Cherokee Nation gun rights ‘broadest’ in tribe’s history, AG says

Cherokee Nation Attorney General Sara Hill shakes hands with Principal Chief Chuck Hoskin Jr. after he signed the Cherokee Nation Family Protection and Violence Against Women Act on Sept. 30, 2022. Hill says that tribal laws passed since the U.S. Supreme Court’s McGirt v. Oklahoma decision have expanded gun ownership protections within the reservation. 

TAHLEQUAH – The historic McGirt v. Oklahoma decision of 2020 sparked the largest expansion of gun ownership protection within the Cherokee Nation Reservation, according to the tribe’s attorney general.

Observing what AG Sara Hill described as “fairly draconian” firearm regulations pre-McGirt, the CN modernized its gun laws following the U.S. Supreme Court’s majority decision that acknowledged much of eastern Oklahoma remains tribal territory.

“One of the things we did post-McGirt was the Tribal Council and Chief (Chuck Hoskin Jr.) enacted some of the broadest protections for gun owners in Cherokee Nation history,” Hill said. “What it did was create protections that really sort of made the laws of the Cherokee Nation extremely similar to the laws of Oklahoma, including things like constitutional carry. So people who are over the age of 21 can carry either concealed or open weapons on the reservation, and people between the ages of 18 and 21 can carry them if they are in military service.”

Updates to the Cherokee Nation Firearms Act of 1971 were passed in 2020 following the McGirt decision, Hill said.

“It was part of a huge change in the law, so there were a lot of sections,” she said. “So it’s not surprising that maybe people might have looked past this. But I think one of the things people need to know is that basically the largest expansion of gun ownership protections in the Nation’s history occurred in the last couple of years.”

Prior to the update, gun laws in the reservation were “very limited,” Hill said.

“Most of the Cherokee Nation’s laws sort of modeled Oklahoma’s laws circa 1991,” she added. “They were pretty dated.
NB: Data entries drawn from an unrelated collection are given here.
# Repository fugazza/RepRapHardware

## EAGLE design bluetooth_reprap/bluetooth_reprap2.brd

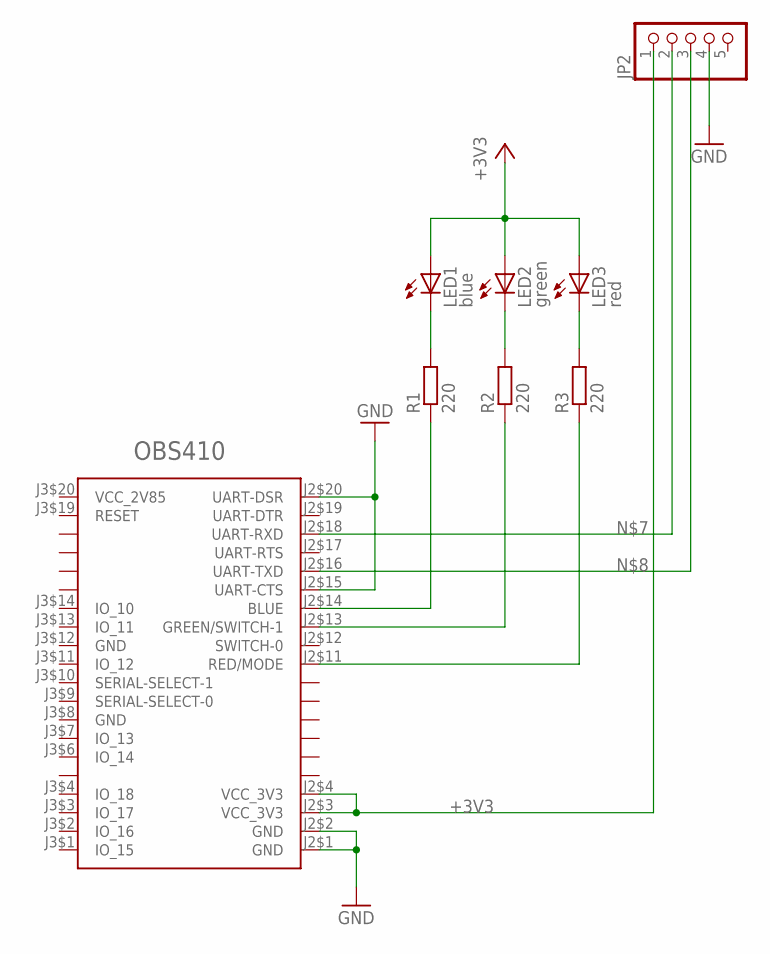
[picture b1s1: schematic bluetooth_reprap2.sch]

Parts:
JP2: PINHD-1X5; 1X05
LED1: blue; LED5MM
LED2: green; LED5MM
LED3: red; LED5MM
R1, R2, R3: 220; 0207/10
U$1: OBS410; SAMTEC-FSI-120-03-G-D-M-AB

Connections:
+3V3: JP2.1, LED1.A, LED2.A, LED3.A, U$1.J2$3 (VCC_3V3), U$1.J2$4 (VCC_3V3)
GND: JP2.4, U$1.J2$1 (GND), U$1.J2$2 (GND), U$1.J2$15 (UART-CTS), U$1.J2$20 (UART-DSR), U$1.J3$8 (GND), U$1.J3$12 (GND)
unnamed: LED1.K (C), R1.2
unnamed: LED2.K (C), R2.2
unnamed: LED3.K (C), R3.2
unnamed: R1.1, U$1.J2$14 (BLUE)
unnamed: R2.1, U$1.J2$13 (GREEN/SWITCH-1)
unnamed: R3.1, U$1.J2$11 (RED/MODE)
unnamed: JP2.2, U$1.J2$18 (UART-RXD)
unnamed: JP2.3, U$1.J2$16 (UART-TXD)

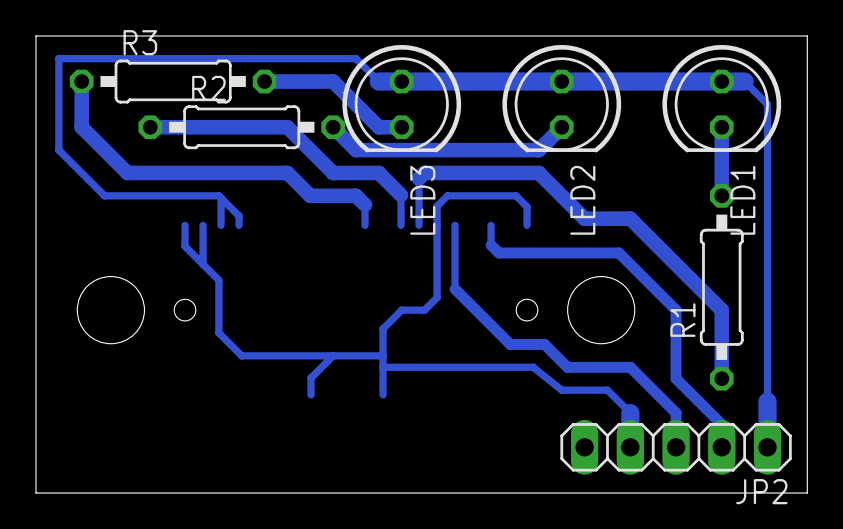
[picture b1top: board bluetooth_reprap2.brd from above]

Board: 2 copper layers, 42.9 x 25.4 mm, 8 parts (1 on the bottom side), 10 nets.

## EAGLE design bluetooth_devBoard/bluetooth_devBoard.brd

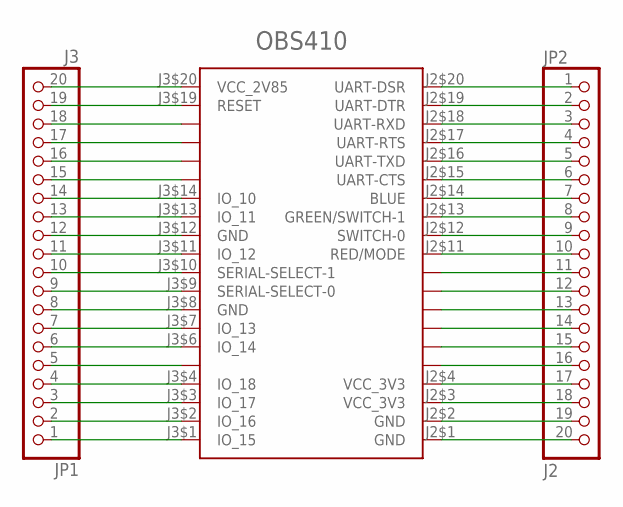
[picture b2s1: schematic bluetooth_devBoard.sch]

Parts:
JP1: J3; 1X20
JP2: J2; 1X20
U$1: OBS410; SAMTEC-FSI-120-03-G-D-M-AB

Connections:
GND: JP2.19, JP2.20, U$1.J2$1 (GND), U$1.J2$2 (GND)
unnamed: JP1.20, U$1.J3$20 (VCC_2V85)
unnamed: JP1.19, U$1.J3$19 (RESET)
unnamed: JP1.18, U$1.J3$18
unnamed: JP1.17, U$1.J3$17
unnamed: JP1.16, U$1.J3$16
unnamed: JP1.15, U$1.J3$15
unnamed: JP1.14, U$1.J3$14 (IO_10)
unnamed: JP1.13, U$1.J3$13 (IO_11)
unnamed: JP1.12, U$1.J3$12 (GND)
unnamed: JP1.11, U$1.J3$11 (IO_12)
unnamed: JP1.10, U$1.J3$10 (SERIAL-SELECT-1)
unnamed: JP1.9, U$1.J3$9 (SERIAL-SELECT-0)
unnamed: JP1.8, U$1.J3$8 (GND)
unnamed: JP1.7, U$1.J3$7 (IO_13)
unnamed: JP1.6, U$1.J3$6 (IO_14)
unnamed: JP1.5, U$1.J3$5
unnamed: JP1.4, U$1.J3$4 (IO_18)
unnamed: JP1.3, U$1.J3$3 (IO_17)
unnamed: JP1.2, U$1.J3$2 (IO_16)
unnamed: JP1.1, U$1.J3$1 (IO_15)
unnamed: JP2.1, U$1.J2$20 (UART-DSR)
unnamed: JP2.2, U$1.J2$19 (UART-DTR)
unnamed: JP2.3, U$1.J2$18 (UART-RXD)
unnamed: JP2.4, U$1.J2$17 (UART-RTS)
unnamed: JP2.5, U$1.J2$16 (UART-TXD)
unnamed: JP2.6, U$1.J2$15 (UART-CTS)
unnamed: JP2.7, U$1.J2$14 (BLUE)
unnamed: JP2.8, U$1.J2$13 (GREEN/SWITCH-1)
unnamed: JP2.9, U$1.J2$12 (SWITCH-0)
unnamed: JP2.10, U$1.J2$11 (RED/MODE)
unnamed: JP2.11, U$1.J2$10
unnamed: JP2.12, U$1.J2$9
unnamed: JP2.13, U$1.J2$8
unnamed: JP2.14, U$1.J2$7
unnamed: JP2.15, U$1.J2$6
unnamed: JP2.16, U$1.J2$5
unnamed: JP2.17, U$1.J2$4 (VCC_3V3)
VCC_3V3: JP2.18, U$1.J2$3 (VCC_3V3)

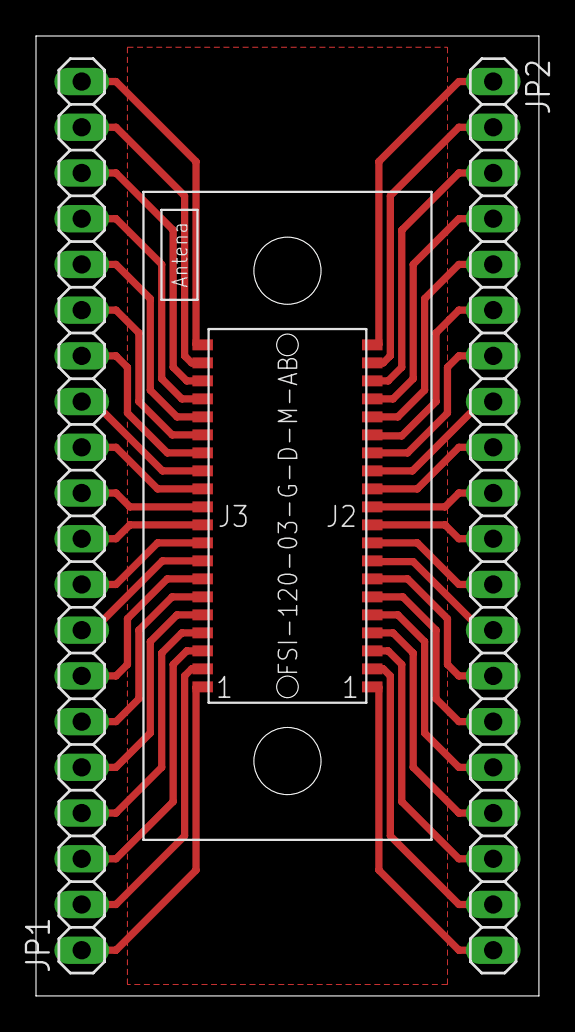
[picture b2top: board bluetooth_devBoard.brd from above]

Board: 1 copper layer, 27.9 x 53.3 mm, 3 parts (0 on the bottom side), 39 nets.

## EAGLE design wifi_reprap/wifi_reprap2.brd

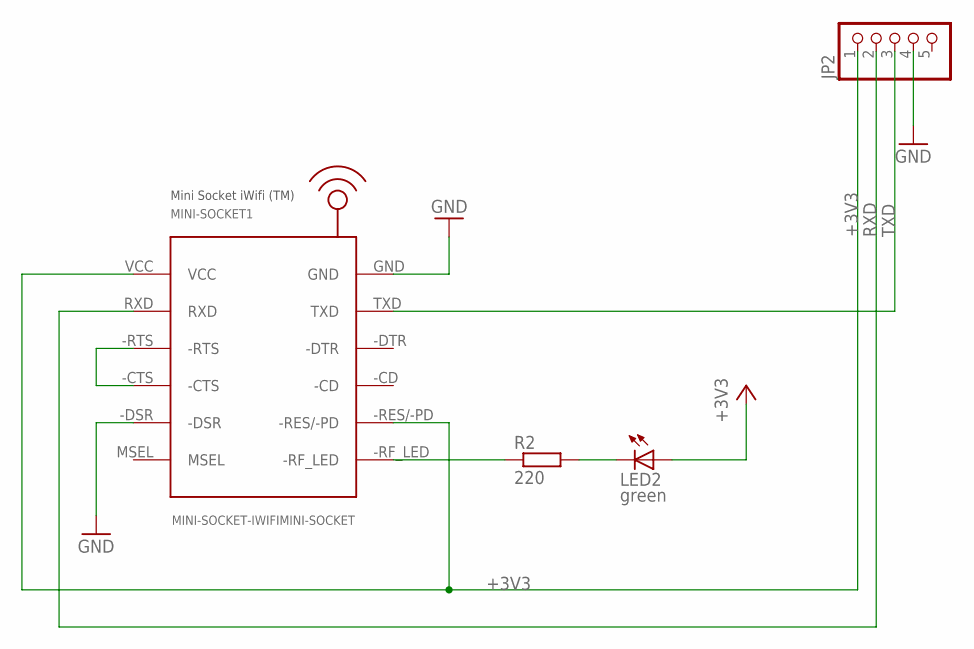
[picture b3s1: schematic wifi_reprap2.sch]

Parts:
JP2: PINHD-1X5; 1X05
LED2: green; LED5MM
MINI-SOCKET1: MINI-SOCKET-IWIFIMINI-SOCKET; MINI-SOCKET-IWIFI
R2: 220; 0207/10

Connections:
+3V3: JP2.1, LED2.A, MINI-SOCKET1.-RES/-PD, MINI-SOCKET1.VCC
GND: JP2.4, MINI-SOCKET1.-DSR, MINI-SOCKET1.GND
unnamed: LED2.K (C), R2.2
unnamed: MINI-SOCKET1.-RF_LED, R2.1
unnamed: MINI-SOCKET1.-CTS, MINI-SOCKET1.-RTS
RXD: JP2.2, MINI-SOCKET1.RXD
TXD: JP2.3, MINI-SOCKET1.TXD

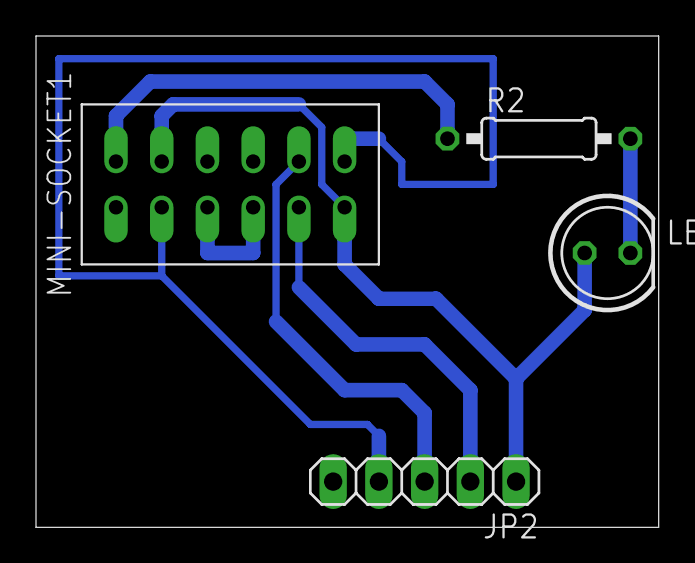
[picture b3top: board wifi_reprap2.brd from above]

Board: 2 copper layers, 34.6 x 27.3 mm, 4 parts (0 on the bottom side), 7 nets.

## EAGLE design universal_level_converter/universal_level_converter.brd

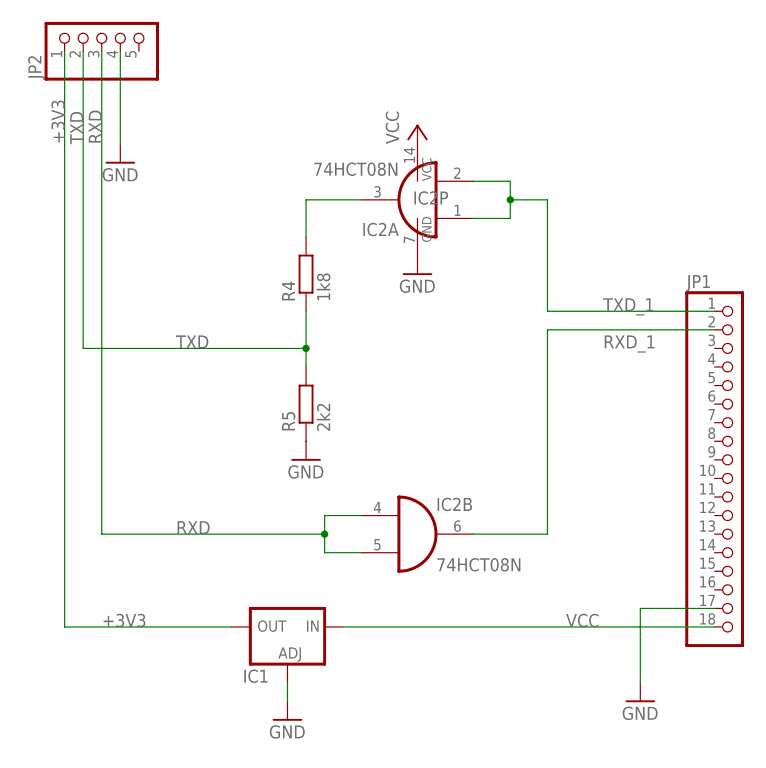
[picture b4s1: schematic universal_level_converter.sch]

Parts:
IC1: LM138-TL; TO220L1
IC2: 74HCT08N; DIL14
JP1: PINHD-1X18; 1X18
JP2: PINHD-1X5; 1X05
R4: 1k8; 0207/10
R5: 2k2; 0207/10

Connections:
+3V3: IC1.2 (OUT), JP2.1
GND: IC1.1 (ADJ), IC2.7 (GND), JP1.17, JP2.4, R5.1
unnamed: IC2.3 (O), R4.2
RXD: IC2.4 (I0), IC2.5 (I1), JP2.3
RXD_1: IC2.6 (O), JP1.2
TXD: JP2.2, R4.1, R5.2
TXD_1: IC2.1 (I0), IC2.2 (I1), JP1.1
VCC: IC1.3 (IN), IC2.14 (VCC), JP1.18

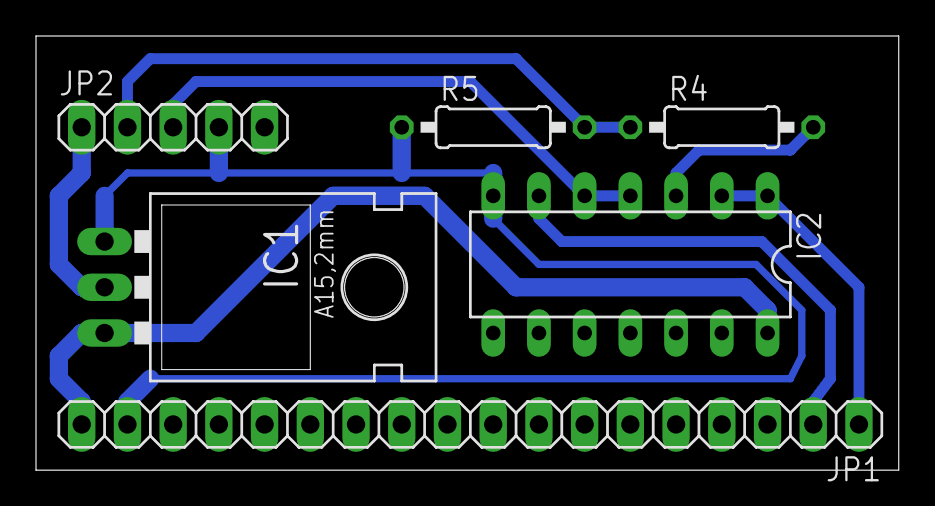
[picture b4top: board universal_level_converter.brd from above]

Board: 2 copper layers, 47.9 x 24.1 mm, 6 parts (0 on the bottom side), 8 nets.

By modern standards the laws were fairly draconian prior to that.”

She noted the tribe’s gun laws are essentially constitutional carry and contain only limited restrictions also found in state law.

“Just like in any place in Oklahoma, having a right to bear a weapon doesn’t mean you can take it anywhere you want,” she said. “There are places if the homeowner or the people who own the premises ban weapons, you can’t bring it into the facility. There are other certain types of facilities where guns cannot be brought. It’s the same as Oklahoma.”

The Cherokee Nation bans weapons from its properties, owned or leased, including the Tribal Complex in Tahlequah.

“The complex is one of those places where it’s posted that you cannot take firearms, not because it’s illegal to take them to Cherokee Nation properties, but because Cherokee Nation has prohibited it on its own properties like any property owner can,” Hill said.

Among other locations in the reservation that handguns are prohibited are public or private elementary schools, sports arenas during professional events unless allowed by the event-holder and any place where gambling is authorized unless allowed by the property owner.

“There are places where it is strictly prohibited,” Hill said. “Of course, court houses, prisons and jails – they don’t like you carrying your gun into jails for obvious reasons.”

Also, certain individuals are not legally allowed to carry firearms.

“Of course, felons are not permitted to carry or possess firearms,” Hill said. “Also people who have been convicted of domestic violence crimes and people who have violated specific kinds of protective orders. That’s a matter of federal law not tribal law, but it does tend to come up a lot in my discussion with folks.”